Au-delà de ce cas particulier tragique, c’est toute l’économie mondialisée qui est mise en cause par les auteurs. Ceux-ci reprennent certains aspects des travaux de Joseph Stiglitz, lauréat du Prix Nobel d’économie (notamment Globalization and lts Discontents, 2003). Il a montré que les institutions financières telles que le FMI, la Banque mondiale et l’OMC « favorisent systématiquement les intérêts des pays les plus industrialisés aux dépens de ceux des pays en développement. » Par exemple, la hausse des taux d’intérêt de la Réserve fédérale américaine a fait passer la dette du Nigeria de 9 à 29 milliards de dollars. Quant à la récente crise financière mondiale, elle a réévalué le prix de l’or. Elle a donc poussé les villageois du Nord du Nigeria à accroître par son extraction les maigres revenus que leur fournissait l’agriculture de subsistance, celle d’exportation voyant, elle, ses prix baisser.

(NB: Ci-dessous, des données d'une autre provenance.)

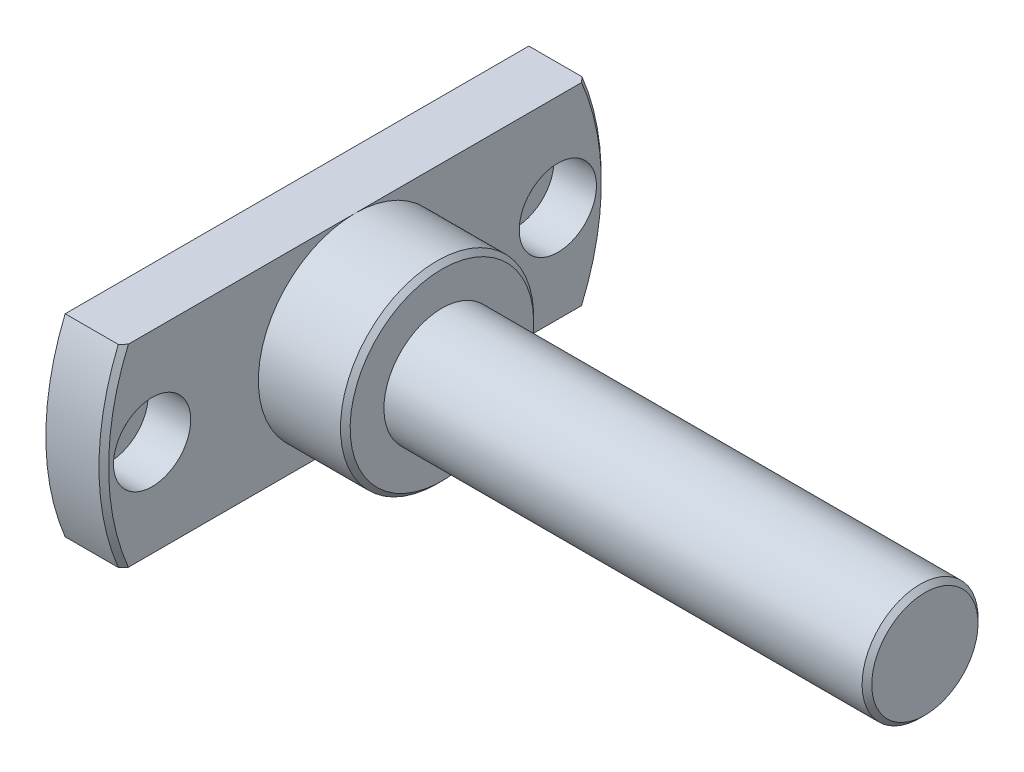
ISO-10303-21;
HEADER;
FILE_DESCRIPTION(('STEP AP214'),'2;1');
FILE_NAME('part.step','',(''),(''),'','','');
FILE_SCHEMA(('AUTOMOTIVE_DESIGN { 1 0 10303 214 1 1 1 1 }'));
ENDSEC;
DATA;
#1=APPLICATION_CONTEXT('core data for automotive mechanical design processes');
#2=APPLICATION_PROTOCOL_DEFINITION('international standard','automotive_design',2000,#1);
#3=PRODUCT_CONTEXT('',#1,'mechanical');
#4=PRODUCT('Part','Part','',(#3));
#5=PRODUCT_RELATED_PRODUCT_CATEGORY('part','',(#4));
#6=PRODUCT_DEFINITION_FORMATION('','',#4);
#7=PRODUCT_DEFINITION_CONTEXT('part definition',#1,'design');
#8=PRODUCT_DEFINITION('design','',#6,#7);
#9=PRODUCT_DEFINITION_SHAPE('','',#8);
#10=(LENGTH_UNIT() NAMED_UNIT(*) SI_UNIT(.MILLI.,.METRE.));
#11=(NAMED_UNIT(*) PLANE_ANGLE_UNIT() SI_UNIT($,.RADIAN.));
#12=(NAMED_UNIT(*) SI_UNIT($,.STERADIAN.) SOLID_ANGLE_UNIT());
#13=UNCERTAINTY_MEASURE_WITH_UNIT(LENGTH_MEASURE(1.E-05),#10,'distance_accuracy_value','');
#14=(GEOMETRIC_REPRESENTATION_CONTEXT(3) GLOBAL_UNCERTAINTY_ASSIGNED_CONTEXT((#13)) GLOBAL_UNIT_ASSIGNED_CONTEXT((#10,
#11,#12)) REPRESENTATION_CONTEXT('',''));
#15=CARTESIAN_POINT('',(0.,0.,0.));
#16=DIRECTION('',(0.,0.,1.));
#17=DIRECTION('',(1.,0.,0.));
#18=AXIS2_PLACEMENT_3D('',#15,#16,#17);
#19=CARTESIAN_POINT('',(6.,26.,0.));
#20=DIRECTION('',(1.,0.,0.));
#21=DIRECTION('',(0.,1.,0.));
#22=AXIS2_PLACEMENT_3D('',#19,#20,#21);
#23=PLANE('',#22);
#24=DIRECTION('',(0.,0.,-1.));
#25=VECTOR('',#24,1.);
#26=CARTESIAN_POINT('',(6.,10.,0.));
#27=LINE('',#26,#25);
#28=CARTESIAN_POINT('',(6.,10.,23.4574082114798));
#29=VERTEX_POINT('',#28);
#30=CARTESIAN_POINT('',(6.,10.,0.));
#31=VERTEX_POINT('',#30);
#32=EDGE_CURVE('E419',#29,#31,#27,.T.);
#33=ORIENTED_EDGE('',*,*,#32,.F.);
#34=CARTESIAN_POINT('',(6.,0.,0.));
#35=DIRECTION('',(1.,0.,0.));
#36=DIRECTION('',(0.,1.,0.));
#37=AXIS2_PLACEMENT_3D('',#34,#35,#36);
#38=CIRCLE('',#37,25.5);
#39=CARTESIAN_POINT('',(6.,-10.,23.4574082114798));
#40=VERTEX_POINT('',#39);
#41=EDGE_CURVE('E58',#29,#40,#38,.T.);
#42=ORIENTED_EDGE('',*,*,#41,.T.);
#43=DIRECTION('',(0.,0.,1.));
#44=VECTOR('',#43,1.);
#45=CARTESIAN_POINT('',(6.,-10.,0.));
#46=LINE('',#45,#44);
#47=CARTESIAN_POINT('',(6.00000000000001,-10.,0.));
#48=VERTEX_POINT('',#47);
#49=EDGE_CURVE('E408',#48,#40,#46,.T.);
#50=ORIENTED_EDGE('',*,*,#49,.F.);
#51=CARTESIAN_POINT('',(6.00000000000001,0.,0.));
#52=DIRECTION('',(1.,0.,0.));
#53=DIRECTION('',(0.,1.,0.));
#54=AXIS2_PLACEMENT_3D('',#51,#52,#53);
#55=CIRCLE('',#54,9.99999999999999);
#56=EDGE_CURVE('E118',#31,#48,#55,.T.);
#57=ORIENTED_EDGE('',*,*,#56,.F.);
#58=EDGE_LOOP('',(#33,#42,#50,#57));
#59=FACE_BOUND('',#58,.T.);
#60=CARTESIAN_POINT('',(6.,0.,21.));
#61=DIRECTION('',(1.,0.,0.));
#62=DIRECTION('',(0.,0.,-1.));
#63=AXIS2_PLACEMENT_3D('',#60,#61,#62);
#64=CIRCLE('',#63,4.);
#65=CARTESIAN_POINT('',(6.,0.,17.));
#66=VERTEX_POINT('',#65);
#67=EDGE_CURVE('E403',#66,#66,#64,.T.);
#68=ORIENTED_EDGE('',*,*,#67,.F.);
#69=EDGE_LOOP('',(#68));
#70=FACE_BOUND('',#69,.T.);
#71=ADVANCED_FACE('F35',(#59,#70),#23,.T.);
#72=CARTESIAN_POINT('',(65.,0.,0.));
#73=DIRECTION('',(1.,0.,0.));
#74=DIRECTION('',(0.,1.,0.));
#75=AXIS2_PLACEMENT_3D('',#72,#73,#74);
#76=CYLINDRICAL_SURFACE('',#75,26.);
#77=DIRECTION('',(-1.,0.,0.));
#78=VECTOR('',#77,1.);
#79=CARTESIAN_POINT('',(65.,10.,-24.));
#80=LINE('',#79,#78);
#81=CARTESIAN_POINT('',(5.50000000000001,10.,-24.));
#82=VERTEX_POINT('',#81);
#83=CARTESIAN_POINT('',(0.,10.,-24.));
#84=VERTEX_POINT('',#83);
#85=EDGE_CURVE('E94',#82,#84,#80,.T.);
#86=ORIENTED_EDGE('',*,*,#85,.F.);
#87=CARTESIAN_POINT('',(5.50000000000002,0.,0.));
#88=DIRECTION('',(1.,0.,0.));
#89=DIRECTION('',(0.,1.,0.));
#90=AXIS2_PLACEMENT_3D('',#87,#88,#89);
#91=CIRCLE('',#90,26.);
#92=CARTESIAN_POINT('',(5.50000000000001,-10.,-24.));
#93=VERTEX_POINT('',#92);
#94=EDGE_CURVE('E130',#82,#93,#91,.F.);
#95=ORIENTED_EDGE('',*,*,#94,.T.);
#96=DIRECTION('',(-1.,0.,0.));
#97=VECTOR('',#96,1.);
#98=CARTESIAN_POINT('',(65.,-10.,-24.));
#99=LINE('',#98,#97);
#100=CARTESIAN_POINT('',(0.,-10.,-24.));
#101=VERTEX_POINT('',#100);
#102=EDGE_CURVE('E117',#93,#101,#99,.T.);
#103=ORIENTED_EDGE('',*,*,#102,.T.);
#104=CARTESIAN_POINT('',(0.,0.,0.));
#105=DIRECTION('',(1.,0.,0.));
#106=DIRECTION('',(0.,1.,0.));
#107=AXIS2_PLACEMENT_3D('',#104,#105,#106);
#108=CIRCLE('',#107,26.);
#109=EDGE_CURVE('E111',#101,#84,#108,.T.);
#110=ORIENTED_EDGE('',*,*,#109,.T.);
#111=EDGE_LOOP('',(#86,#95,#103,#110));
#112=FACE_BOUND('',#111,.T.);
#113=ADVANCED_FACE('F115',(#112),#76,.T.);
#114=CARTESIAN_POINT('',(6.,0.,0.));
#115=DIRECTION('',(-1.,0.,0.));
#116=DIRECTION('',(0.,-1.,0.));
#117=AXIS2_PLACEMENT_3D('',#114,#115,#116);
#118=CONICAL_SURFACE('',#117,25.5,0.785398163397462);
#119=CARTESIAN_POINT('',(-22.2403583783222,10.,52.8017624576168));
#120=CARTESIAN_POINT('',(-21.5612747358873,10.,52.1106050160797));
#121=CARTESIAN_POINT('',(-20.8824233158428,10.,51.4192193838014));
#122=CARTESIAN_POINT('',(-19.525248352431,10.,50.0359261725188));
#123=CARTESIAN_POINT('',(-18.846924810646,10.,49.3440185919621));
#124=CARTESIAN_POINT('',(-16.8111346974459,10.,47.2656724387419));
#125=CARTESIAN_POINT('',(-15.4545641827864,10.,45.8783558396122));
#126=CARTESIAN_POINT('',(-12.7146414691651,10.,43.0700793252078));
#127=CARTESIAN_POINT('',(-11.3313582605314,10.,41.6490520570187));
#128=CARTESIAN_POINT('',(-9.26056882032157,10.,39.5152271167261));
#129=CARTESIAN_POINT('',(-8.57142564600669,10.,38.8040180479717));
#130=CARTESIAN_POINT('',(-7.1944446370752,10.,37.3803787892495));
#131=CARTESIAN_POINT('',(-6.50660676371825,10.,36.6679486367558));
#132=CARTESIAN_POINT('',(-4.66442319301412,10.,34.7558493459511));
#133=CARTESIAN_POINT('',(-3.51145767762059,10.,33.5548495694882));
#134=CARTESIAN_POINT('',(-1.21113151758138,10.,31.1471526212081));
#135=CARTESIAN_POINT('',(-0.0637717101532882,10.,29.9404546482762));
#136=CARTESIAN_POINT('',(1.65391399916357,10.,28.1216723075976));
#137=CARTESIAN_POINT('',(2.22729650078359,10.,27.5124748735986));
#138=CARTESIAN_POINT('',(3.37155146238387,10.,26.2917280770571));
#139=CARTESIAN_POINT('',(3.94242392727216,10.,25.6801787191179));
#140=CARTESIAN_POINT('',(5.0807938221149,10.,24.4545699302876));
#141=CARTESIAN_POINT('',(5.64829293235741,10.,23.8405120611177));
#142=CARTESIAN_POINT('',(6.77949024144209,10.,22.6089132821059));
#143=CARTESIAN_POINT('',(7.34318847721862,10.,21.9913724062168));
#144=CARTESIAN_POINT('',(8.45482303067721,10.,20.7640686698923));
#145=CARTESIAN_POINT('',(9.00285201713899,10.,20.1543898527024));
#146=CARTESIAN_POINT('',(10.093041084654,10.,18.9297578613442));
#147=CARTESIAN_POINT('',(10.6352009308297,10.,18.3148044778448));
#148=CARTESIAN_POINT('',(11.7130178617387,10.,17.0768233048052));
#149=CARTESIAN_POINT('',(12.2486580335642,10.,16.4537807383512));
#150=CARTESIAN_POINT('',(13.0442661083262,10.,15.5126399503163));
#151=CARTESIAN_POINT('',(13.3081457132626,10.,15.1978478048739));
#152=CARTESIAN_POINT('',(13.8328305138945,10.,14.565713573772));
#153=CARTESIAN_POINT('',(14.0936357394756,10.,14.2483715129503));
#154=CARTESIAN_POINT('',(14.6091690836004,10.,13.6137461412684));
#155=CARTESIAN_POINT('',(14.8639313355643,10.,13.2964905904598));
#156=CARTESIAN_POINT('',(15.3692096484206,10.,12.6586062072016));
#157=CARTESIAN_POINT('',(15.6197256724818,10.,12.3379773455315));
#158=CARTESIAN_POINT('',(16.1157896699968,10.,11.6925865464576));
#159=CARTESIAN_POINT('',(16.3613345827448,10.,11.3678222519717));
#160=CARTESIAN_POINT('',(16.8461812999863,10.,10.7136656933156));
#161=CARTESIAN_POINT('',(17.085483242339,10.,10.384273531587));
#162=CARTESIAN_POINT('',(17.5555071445035,10.,9.72128358219486));
#163=CARTESIAN_POINT('',(17.7862582138339,10.,9.38770649375731));
#164=CARTESIAN_POINT('',(18.238278605045,10.,8.71410595268329));
#165=CARTESIAN_POINT('',(18.459546895644,10.,8.37408180467986));
#166=CARTESIAN_POINT('',(18.8898308219094,10.,7.68687780250099));
#167=CARTESIAN_POINT('',(19.0988601157554,10.,7.33970653268233));
#168=CARTESIAN_POINT('',(19.5015934388649,10.,6.63662584521409));
#169=CARTESIAN_POINT('',(19.6953025283389,10.,6.28071936409857));
#170=CARTESIAN_POINT('',(19.9188660000856,10.,5.84184430737448));
#171=CARTESIAN_POINT('',(19.9581278701709,10.,5.76363238720583));
#172=CARTESIAN_POINT('',(20.0356807050489,10.,5.60671694250312));
#173=CARTESIAN_POINT('',(20.0739715573071,10.,5.52801336229436));
#174=CARTESIAN_POINT('',(20.1873178943465,10.,5.29112563682431));
#175=CARTESIAN_POINT('',(20.2608298221693,10.,5.13219843837458));
#176=CARTESIAN_POINT('',(20.4032579349509,10.,4.81229630603637));
#177=CARTESIAN_POINT('',(20.472174160992,10.,4.6513213904683));
#178=CARTESIAN_POINT('',(20.6048874366695,10.,4.32727695302568));
#179=CARTESIAN_POINT('',(20.6686846815542,10.,4.16420751131604));
#180=CARTESIAN_POINT('',(20.789876832807,10.,3.83789068332271));
#181=CARTESIAN_POINT('',(20.8473385841185,10.,3.67466825126644));
#182=CARTESIAN_POINT('',(20.9561368395426,10.,3.34620449479463));
#183=CARTESIAN_POINT('',(21.0074733289336,10.,3.18096316552785));
#184=CARTESIAN_POINT('',(21.1514076099207,10.,2.68226268311777));
#185=CARTESIAN_POINT('',(21.2339441194051,10.,2.3457902962389));
#186=CARTESIAN_POINT('',(21.357438212461,10.,1.71797671550052));
#187=CARTESIAN_POINT('',(21.4027945177991,10.,1.42750015545532));
#188=CARTESIAN_POINT('',(21.4686504516251,10.,0.843783113145917));
#189=CARTESIAN_POINT('',(21.489158356838,10.,0.550543584012278));
#190=CARTESIAN_POINT('',(21.5042295005792,10.,-0.0362191506601161));
#191=CARTESIAN_POINT('',(21.4988273529531,10.,-0.329741454284256));
#192=CARTESIAN_POINT('',(21.4624615172561,10.,-0.915225927086295));
#193=CARTESIAN_POINT('',(21.4314920930071,10.,-1.20718773136044));
#194=CARTESIAN_POINT('',(21.3341406265866,10.,-1.86451602224747));
#195=CARTESIAN_POINT('',(21.2605454204209,10.,-2.22881609874173));
#196=CARTESIAN_POINT('',(21.0800736488043,10.,-2.94902328659909));
#197=CARTESIAN_POINT('',(20.9731835551769,10.,-3.30492692302535));
#198=CARTESIAN_POINT('',(20.7312362984397,10.,-4.00956142465338));
#199=CARTESIAN_POINT('',(20.5959966208767,10.,-4.35822888296434));
#200=CARTESIAN_POINT('',(20.3765301149904,10.,-4.87398827446875));
#201=CARTESIAN_POINT('',(20.3006095089702,10.,-5.04469569459139));
#202=CARTESIAN_POINT('',(20.143814556541,10.,-5.38382317138972));
#203=CARTESIAN_POINT('',(20.0629402447436,10.,-5.55224324403713));
#204=CARTESIAN_POINT('',(19.8445029928583,10.,-5.99221737716304));
#205=CARTESIAN_POINT('',(19.7032986142867,10.,-6.26196414532372));
#206=CARTESIAN_POINT('',(19.4112317353663,10.,-6.79620036644));
#207=CARTESIAN_POINT('',(19.2603676084421,10.,-7.06068892410351));
#208=CARTESIAN_POINT('',(18.9505398110338,10.,-7.58509924112959));
#209=CARTESIAN_POINT('',(18.7915708486963,10.,-7.84501786380673));
#210=CARTESIAN_POINT('',(18.4669668206995,10.,-8.36062568773649));
#211=CARTESIAN_POINT('',(18.301332102517,10.,-8.61631510847383));
#212=CARTESIAN_POINT('',(17.964033962277,10.,-9.12461643177559));
#213=CARTESIAN_POINT('',(17.7923562539125,10.,-9.37721883237055));
#214=CARTESIAN_POINT('',(17.4442370049572,10.,-9.87912437889284));
#215=CARTESIAN_POINT('',(17.2677952913184,10.,-10.1284274044819));
#216=CARTESIAN_POINT('',(16.7325555118659,10.,-10.8718006667833));
#217=CARTESIAN_POINT('',(16.3677163780505,10.,-11.3615232935205));
#218=CARTESIAN_POINT('',(15.6227349537004,10.,-12.336411471817));
#219=CARTESIAN_POINT('',(15.2424813030913,10.,-12.8214913254404));
#220=CARTESIAN_POINT('',(14.4728152119387,10.,-13.784363032113));
#221=CARTESIAN_POINT('',(14.0834021851082,10.,-14.2621544153863));
#222=CARTESIAN_POINT('',(13.2981754112239,10.,-15.2110879407202));
#223=CARTESIAN_POINT('',(12.9023734505258,10.,-15.6822398617957));
#224=CARTESIAN_POINT('',(12.1052316114785,10.,-16.6198045494242));
#225=CARTESIAN_POINT('',(11.7038918925731,10.,-17.0862174517549));
#226=CARTESIAN_POINT('',(10.9575644174625,10.,-17.9451873852627));
#227=CARTESIAN_POINT('',(10.6131969338092,10.,-18.3382842077784));
#228=CARTESIAN_POINT('',(9.92175892453575,10.,-19.1220945136459));
#229=CARTESIAN_POINT('',(9.57468838785723,10.,-19.5128079872356));
#230=CARTESIAN_POINT('',(8.53004873019611,10.,-20.6819143364777));
#231=CARTESIAN_POINT('',(7.82906573232548,10.,-21.4572569037019));
#232=CARTESIAN_POINT('',(6.4203651136193,10.,-23.0019152970569));
#233=CARTESIAN_POINT('',(5.71264687750442,10.,-23.7712305606452));
#234=CARTESIAN_POINT('',(4.29213794511411,10.,-25.3051673481364));
#235=CARTESIAN_POINT('',(3.57934722238805,10.,-26.0697888475247));
#236=CARTESIAN_POINT('',(2.14908819434675,10.,-27.596141776241));
#237=CARTESIAN_POINT('',(1.43161578058529,10.,-28.3578693522087));
#238=CARTESIAN_POINT('',(-0.0064495612580233,10.,-29.8783749902765));
#239=CARTESIAN_POINT('',(-0.727042496884534,10.,-30.6371530452369));
#240=CARTESIAN_POINT('',(-2.17069708215139,10.,-32.1522734665969));
#241=CARTESIAN_POINT('',(-2.89375858882345,10.,-32.9086159692828));
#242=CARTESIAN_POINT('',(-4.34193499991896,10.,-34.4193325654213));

En résumé, comme le disent les auteurs, « la mondialisation libérale ne fait pas bon ménage avec la politique mondiale de santé publique. » Le cas du Nigeria en fournit un exemple particulièrement révélateur.

Enfin, une question fondamentale se pose aux ONG, qui se sont multipliées depuis les années 1980, sous le régime néolibéral: « Lorsqu’elle répond à une catastrophe telle que l’épidémie de saturnisme, MSF appuie involontairement la politique néolibérale d’austérité économique à l’égard du système de santé, en palliant les conséquences de cette politique (…), l’aide humanitaire est comme une feuille de vigne, elle permet de masquer l’absence d’action politique ». Y aurait-il complicité objective des ONG? Mais d’autre part, peut-on laisser les gens mourir, parce que les institutions financières internationales et les Etats ne se préoccupent pas de leur santé?… Ce petit livre – qui intéressera certes au premier chef les personnes travaillant dans les institutions humanitaires – pose donc un certain nombre de questions brûlantes d’actualité.